Linux is very flexible and can be booted from multiple images on a CD-ROM, over a network using PXE (pronounced "pixie") or NetBoot, or on a headless server with the console display sent over a serial or network connection. Work is even underway to create a special Linux BIOS at http://www.linuxbios.org/ that expedites the boot process because Linux does not need many of the services offered by the typical BIOS.

This kind of flexibility enables Linux to be used in a variety of ways, such as remote servers or diskless workstations, which are not generally seen in personal home use.

In a general sense, the kernel manages the system resources. As the user, you do not often interact with the kernel, but instead just the applications that you are using. Unix refers to each application as a process, and the kernel assigns each process a number called a process ID (PID) . First, the Linux kernel loads and runs a process named init, which is also known as the "father of all processes" because it starts every subsequent process.
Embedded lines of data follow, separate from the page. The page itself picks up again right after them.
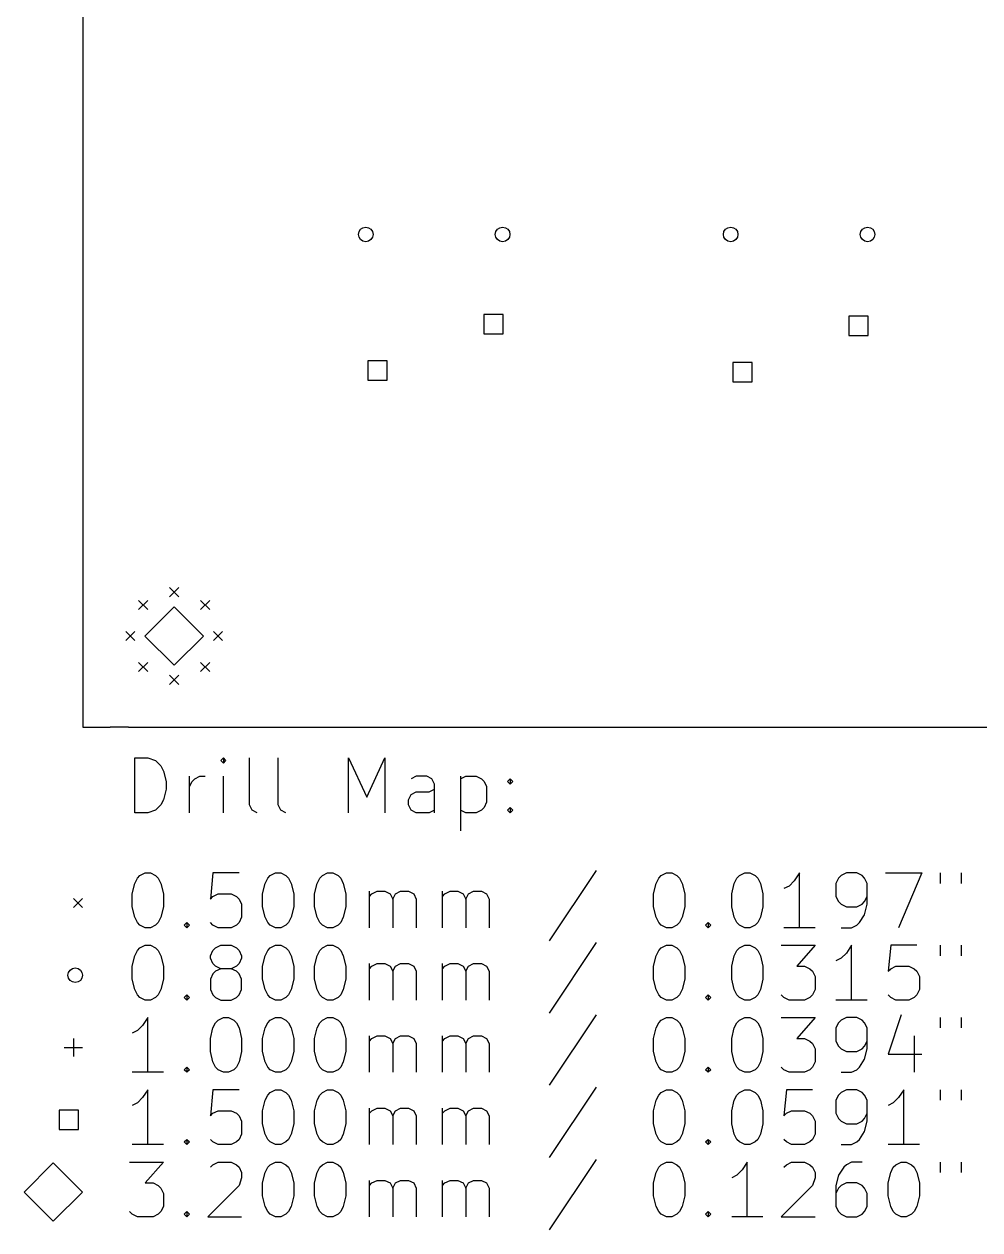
# Model space of a CAD drawing. Extents: x 3.87 to 7.93, y -6.81 to -1.57.
# Drawn here: x 3.869 to 5.931, y -6.793 to -4.192 of the extents above; entities that cross this region are included whole.
import ezdxf

# ---------------------------------------------------------------- set-up
doc = ezdxf.new("R2010")
doc.units = 0
doc.header["$MEASUREMENT"] = 0
doc.layers.add('BLACK', color=7, linetype='CONTINUOUS')

msp = doc.modelspace()

# ---------------------------------------------------------------- linework, layer by layer
at = {"layer": 'BLACK', "linetype": 'CONTINUOUS'}
for p, q in [((3.99606, -1.5748), (3.99606, -5.70866)), ((4.90277, -4.81849), (4.86101, -4.81849)), ((4.86101, -4.81849), (4.86101, -4.86025)), ((4.90277, -4.86025), (4.90277, -4.81849)), ((5.69017, -4.82164), (5.64841, -4.82164)), ((5.64841, -4.82164), (5.64841, -4.8634)), ((5.69017, -4.8634), (5.69017, -4.82164)), ((4.86101, -4.86025), (4.90277, -4.86025)), ((5.64841, -4.8634), (5.69017, -4.8634)), ((4.65277, -4.91849), (4.61101, -4.91849)), ((4.61101, -4.91849), (4.61101, -4.96025)), ((4.65277, -4.96025), (4.65277, -4.91849)), ((5.44017, -4.92164), (5.39841, -4.92164)), ((5.39841, -4.92164), (5.39841, -4.9634)), ((5.44017, -4.9634), (5.44017, -4.92164)), ((4.61101, -4.96025), (4.65277, -4.96025)), ((5.39841, -4.9634), (5.44017, -4.9634)), ((4.18307, -5.40748), (4.20276, -5.42717)), ((4.20276, -5.40748), (4.18307, -5.42717)), ((4.11626, -5.43516), (4.13594, -5.45484)), ((4.13594, -5.43516), (4.11626, -5.45484)), ((4.24988, -5.43516), (4.26957, -5.45484)), ((4.26957, -5.43516), (4.24988, -5.45484)), ((4.19291, -5.44882), (4.12992, -5.51181)), ((4.25591, -5.51181), (4.19291, -5.44882)), ((4.08858, -5.50197), (4.10827, -5.52165)), ((4.10827, -5.50197), (4.08858, -5.52165)), ((4.12992, -5.51181), (4.19291, -5.5748)), ((4.19291, -5.5748), (4.25591, -5.51181)), ((4.27756, -5.50197), (4.29724, -5.52165)), ((4.29724, -5.50197), (4.27756, -5.52165)), ((4.11626, -5.56878), (4.13594, -5.58847)), ((4.13594, -5.56878), (4.11626, -5.58847)), ((4.24988, -5.56878), (4.26957, -5.58847)), ((4.26957, -5.56878), (4.24988, -5.58847)), ((4.18307, -5.59646), (4.20276, -5.61614)), ((4.20276, -5.59646), (4.18307, -5.61614)), ((3.99606, -5.70866), (4.05512, -5.70866)), ((4.09449, -5.70866), (4.05512, -5.70866)), ((4.09449, -5.70866), (7.87402, -5.70866)), ((4.10785, -5.893), (4.10785, -5.77489)), ((4.10785, -5.77489), (4.13597, -5.77489)), ((4.13597, -5.77489), (4.15284, -5.78051)), ((4.15284, -5.78051), (4.16409, -5.79176)), ((4.16409, -5.79176), (4.16971, -5.80301)), ((4.29907, -5.77489), (4.29345, -5.78051)), ((4.29345, -5.78051), (4.29907, -5.78614)), ((4.3047, -5.78051), (4.29907, -5.77489)), ((4.29907, -5.77489), (4.29907, -5.78614)), ((4.29907, -5.78614), (4.3047, -5.78051)), ((4.35531, -5.87612), (4.35531, -5.77489)), ((4.41718, -5.87612), (4.41718, -5.77489)), ((4.56904, -5.893), (4.56904, -5.77489)), ((4.56904, -5.77489), (4.60841, -5.85925)), ((4.60841, -5.85925), (4.64778, -5.77489)), ((4.64778, -5.77489), (4.64778, -5.893)), ((4.16971, -5.80301), (4.17534, -5.82551)), ((4.17534, -5.82551), (4.17534, -5.84238)), ((4.22596, -5.893), (4.22596, -5.81426)), ((4.22596, -5.83675), (4.23158, -5.82551)), ((4.23158, -5.82551), (4.2372, -5.81988)), ((4.2372, -5.81988), (4.24845, -5.81426)), ((4.24845, -5.81426), (4.2597, -5.81426)), ((4.29907, -5.893), (4.29907, -5.81426)), ((4.71527, -5.81426), (4.70402, -5.81988)), ((4.73777, -5.81426), (4.71527, -5.81426)), ((4.74902, -5.81988), (4.73777, -5.81426)), ((4.75464, -5.83113), (4.74902, -5.81988)), ((4.81088, -5.81426), (4.81088, -5.93237)), ((4.81088, -5.81988), (4.82213, -5.81426)), ((4.82213, -5.81426), (4.84463, -5.81426)), ((4.84463, -5.81426), (4.85588, -5.81988)), ((4.85588, -5.81988), (4.8615, -5.82551)), ((4.8615, -5.82551), (4.86713, -5.83675)), ((4.91212, -5.82551), (4.91774, -5.81988)), ((4.91774, -5.83113), (4.91212, -5.82551)), ((4.91774, -5.81988), (4.92337, -5.82551)), ((4.91774, -5.81988), (4.91774, -5.83113)), ((4.92337, -5.82551), (4.91774, -5.83113)), ((4.17534, -5.84238), (4.16971, -5.86488)), ((4.70402, -5.85363), (4.71527, -5.848)), ((4.71527, -5.848), (4.74339, -5.848)), ((4.74339, -5.848), (4.75464, -5.84238)), ((4.75464, -5.893), (4.75464, -5.83113)), ((4.86713, -5.83675), (4.86713, -5.8705)), ((4.16409, -5.87612), (4.15284, -5.88737)), ((4.16971, -5.86488), (4.16409, -5.87612)), ((4.36094, -5.88737), (4.35531, -5.87612)), ((4.42281, -5.88737), (4.41718, -5.87612)), ((4.6984, -5.86488), (4.70402, -5.85363)), ((4.6984, -5.87612), (4.6984, -5.86488)), ((4.70402, -5.88737), (4.6984, -5.87612)), ((4.86713, -5.8705), (4.8615, -5.88175)), ((4.13597, -5.893), (4.10785, -5.893)), ((4.15284, -5.88737), (4.13597, -5.893)), ((4.37219, -5.893), (4.36094, -5.88737)), ((4.43406, -5.893), (4.42281, -5.88737)), ((4.71527, -5.893), (4.70402, -5.88737)), ((4.74339, -5.893), (4.71527, -5.893)), ((4.75464, -5.88737), (4.74339, -5.893)), ((4.82213, -5.893), (4.81088, -5.88737)), ((4.84463, -5.893), (4.82213, -5.893)), ((4.85588, -5.88737), (4.84463, -5.893)), ((4.8615, -5.88175), (4.85588, -5.88737)), ((4.91212, -5.88737), (4.91774, -5.88175)), ((4.91774, -5.893), (4.91212, -5.88737)), ((4.91774, -5.88175), (4.92337, -5.88737)), ((4.91774, -5.88175), (4.91774, -5.893)), ((4.92337, -5.88737), (4.91774, -5.893)), ((4.11347, -6.03417), (4.11909, -6.02854)), ((4.11909, -6.02854), (4.13034, -6.02292)), ((4.13034, -6.02292), (4.14159, -6.02292)), ((4.14159, -6.02292), (4.15284, -6.02854)), ((4.15284, -6.02854), (4.15846, -6.03417)), ((4.27657, -6.02292), (4.27095, -6.07916)), ((4.33282, -6.02292), (4.27657, -6.02292)), ((4.39468, -6.03417), (4.40031, -6.02854)), ((4.40031, -6.02854), (4.41156, -6.02292)), ((4.41156, -6.02292), (4.42281, -6.02292)), ((4.42281, -6.02292), (4.43406, -6.02854)), ((4.43406, -6.02854), (4.43968, -6.03417)), ((4.50717, -6.03417), (4.5128, -6.02854)), ((4.5128, -6.02854), (4.52404, -6.02292)), ((4.52404, -6.02292), (4.53529, -6.02292)), ((4.53529, -6.02292), (4.54654, -6.02854)), ((4.54654, -6.02854), (4.55217, -6.03417)), ((5.10335, -6.01729), (5.00211, -6.16915)), ((5.23833, -6.03417), (5.24395, -6.02854)), ((5.24395, -6.02854), (5.2552, -6.02292)), ((5.2552, -6.02292), (5.26645, -6.02292)), ((5.26645, -6.02292), (5.2777, -6.02854)), ((5.2777, -6.02854), (5.28332, -6.03417)), ((5.40706, -6.03417), (5.41268, -6.02854)), ((5.41268, -6.02854), (5.42393, -6.02292)), ((5.42393, -6.02292), (5.43518, -6.02292)), ((5.43518, -6.02292), (5.44643, -6.02854)), ((5.44643, -6.02854), (5.45205, -6.03417)), ((5.54204, -6.02292), (5.53079, -6.03979)), ((5.54204, -6.14103), (5.54204, -6.02292)), ((5.63203, -6.02854), (5.62641, -6.03417)), ((5.64328, -6.02292), (5.63203, -6.02854)), ((5.66578, -6.02292), (5.64328, -6.02292)), ((5.67702, -6.02854), (5.66578, -6.02292)), ((5.68265, -6.03417), (5.67702, -6.02854)), ((5.72764, -6.02292), (5.80638, -6.02292)), ((5.80638, -6.02292), (5.75576, -6.14103)), ((5.84575, -6.02292), (5.84575, -6.04542)), ((5.89075, -6.02292), (5.89075, -6.04542)), ((4.10222, -6.06791), (4.10785, -6.04542)), ((4.10785, -6.04542), (4.11347, -6.03417)), ((4.15846, -6.03417), (4.16409, -6.04542)), ((4.16409, -6.04542), (4.16971, -6.06791)), ((4.38344, -6.06791), (4.38906, -6.04542)), ((4.38906, -6.04542), (4.39468, -6.03417)), ((4.43968, -6.03417), (4.4453, -6.04542)), ((4.4453, -6.04542), (4.45093, -6.06791)), ((4.49592, -6.06791), (4.50155, -6.04542)), ((4.50155, -6.04542), (4.50717, -6.03417)), ((4.55217, -6.03417), (4.55779, -6.04542)), ((4.55779, -6.04542), (4.56341, -6.06791)), ((5.22708, -6.06791), (5.23271, -6.04542)), ((5.23271, -6.04542), (5.23833, -6.03417)), ((5.28332, -6.03417), (5.28895, -6.04542)), ((5.28895, -6.04542), (5.29457, -6.06791)), ((5.39581, -6.06791), (5.40143, -6.04542)), ((5.40143, -6.04542), (5.40706, -6.03417)), ((5.45205, -6.03417), (5.45768, -6.04542)), ((5.45768, -6.04542), (5.4633, -6.06791)), ((5.51954, -6.05104), (5.5083, -6.05666)), ((5.53079, -6.03979), (5.51954, -6.05104)), ((5.62641, -6.03417), (5.62078, -6.04542)), ((5.62078, -6.04542), (5.62078, -6.07354)), ((5.68827, -6.04542), (5.68265, -6.03417)), ((5.68827, -6.09041), (5.68827, -6.04542)), ((3.97539, -6.07776), (3.99508, -6.09744)), ((3.99508, -6.07776), (3.97539, -6.09744)), ((4.10222, -6.09603), (4.10222, -6.06791)), ((4.16971, -6.06791), (4.16971, -6.09603)), ((4.27095, -6.07916), (4.27657, -6.07354)), ((4.27657, -6.07354), (4.28782, -6.06791)), ((4.28782, -6.06791), (4.31594, -6.06791)), ((4.31594, -6.06791), (4.32719, -6.07354)), ((4.32719, -6.07354), (4.33282, -6.07916)), ((4.33282, -6.07916), (4.33844, -6.09041)), ((4.38344, -6.09603), (4.38344, -6.06791)), ((4.45093, -6.06791), (4.45093, -6.09603)), ((4.49592, -6.09603), (4.49592, -6.06791)), ((4.56341, -6.06791), (4.56341, -6.09603)), ((4.61403, -6.14103), (4.61403, -6.06229)), ((4.61403, -6.07354), (4.61966, -6.06791)), ((4.61966, -6.06791), (4.63091, -6.06229)), ((4.63091, -6.06229), (4.64778, -6.06229)), ((4.64778, -6.06229), (4.65903, -6.06791)), ((4.65903, -6.06791), (4.66465, -6.07916)), ((4.66465, -6.07916), (4.67028, -6.06791)), ((4.66465, -6.07916), (4.66465, -6.14103)), ((4.67028, -6.06791), (4.68152, -6.06229)), ((4.68152, -6.06229), (4.6984, -6.06229)), ((4.6984, -6.06229), (4.70965, -6.06791)), ((4.70965, -6.06791), (4.71527, -6.07916)), ((4.71527, -6.07916), (4.71527, -6.14103)), ((4.77151, -6.14103), (4.77151, -6.06229)), ((4.77151, -6.07354), (4.77714, -6.06791)), ((4.77714, -6.06791), (4.78839, -6.06229)), ((4.78839, -6.06229), (4.80526, -6.06229)), ((4.80526, -6.06229), (4.81651, -6.06791)), ((4.81651, -6.06791), (4.82213, -6.07916)), ((4.82213, -6.07916), (4.82776, -6.06791)), ((4.82213, -6.07916), (4.82213, -6.14103)), ((4.82776, -6.06791), (4.839, -6.06229)), ((4.839, -6.06229), (4.85588, -6.06229)), ((4.85588, -6.06229), (4.86713, -6.06791)), ((4.86713, -6.06791), (4.87275, -6.07916)), ((4.87275, -6.07916), (4.87275, -6.14103)), ((5.22708, -6.09603), (5.22708, -6.06791)), ((5.29457, -6.06791), (5.29457, -6.09603)), ((5.39581, -6.09603), (5.39581, -6.06791)), ((5.4633, -6.06791), (5.4633, -6.09603)), ((5.62078, -6.07354), (5.62641, -6.08479)), ((5.62641, -6.08479), (5.63203, -6.09041)), ((5.67702, -6.09041), (5.68265, -6.08479)), ((5.68265, -6.08479), (5.68827, -6.07354)), ((4.10785, -6.11853), (4.10222, -6.09603)), ((4.16971, -6.09603), (4.16409, -6.11853)), ((4.33844, -6.09041), (4.33844, -6.11853)), ((4.38906, -6.11853), (4.38344, -6.09603)), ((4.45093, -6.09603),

The initprocess looks for a list of instructions in a file named /etc/rc.d/rc.sysinit. That script issues a number of commands that are run only once—each time the system is turned on.

Details about the sequence of events that occur when the Linux kernel is loaded can be found in the file /usr/src/iinux-2.6/init/main.cif you installed the Linux kernel documentation.

This next step of the boot process begins with a message that the Linux kernel is loading, and a series of messages is printed to the screen, giving you the status of each command in rc.sysinitscript language. A failure should display an error message. The - quietoption may be passed to the kernel at boot time to suppress many of these messages.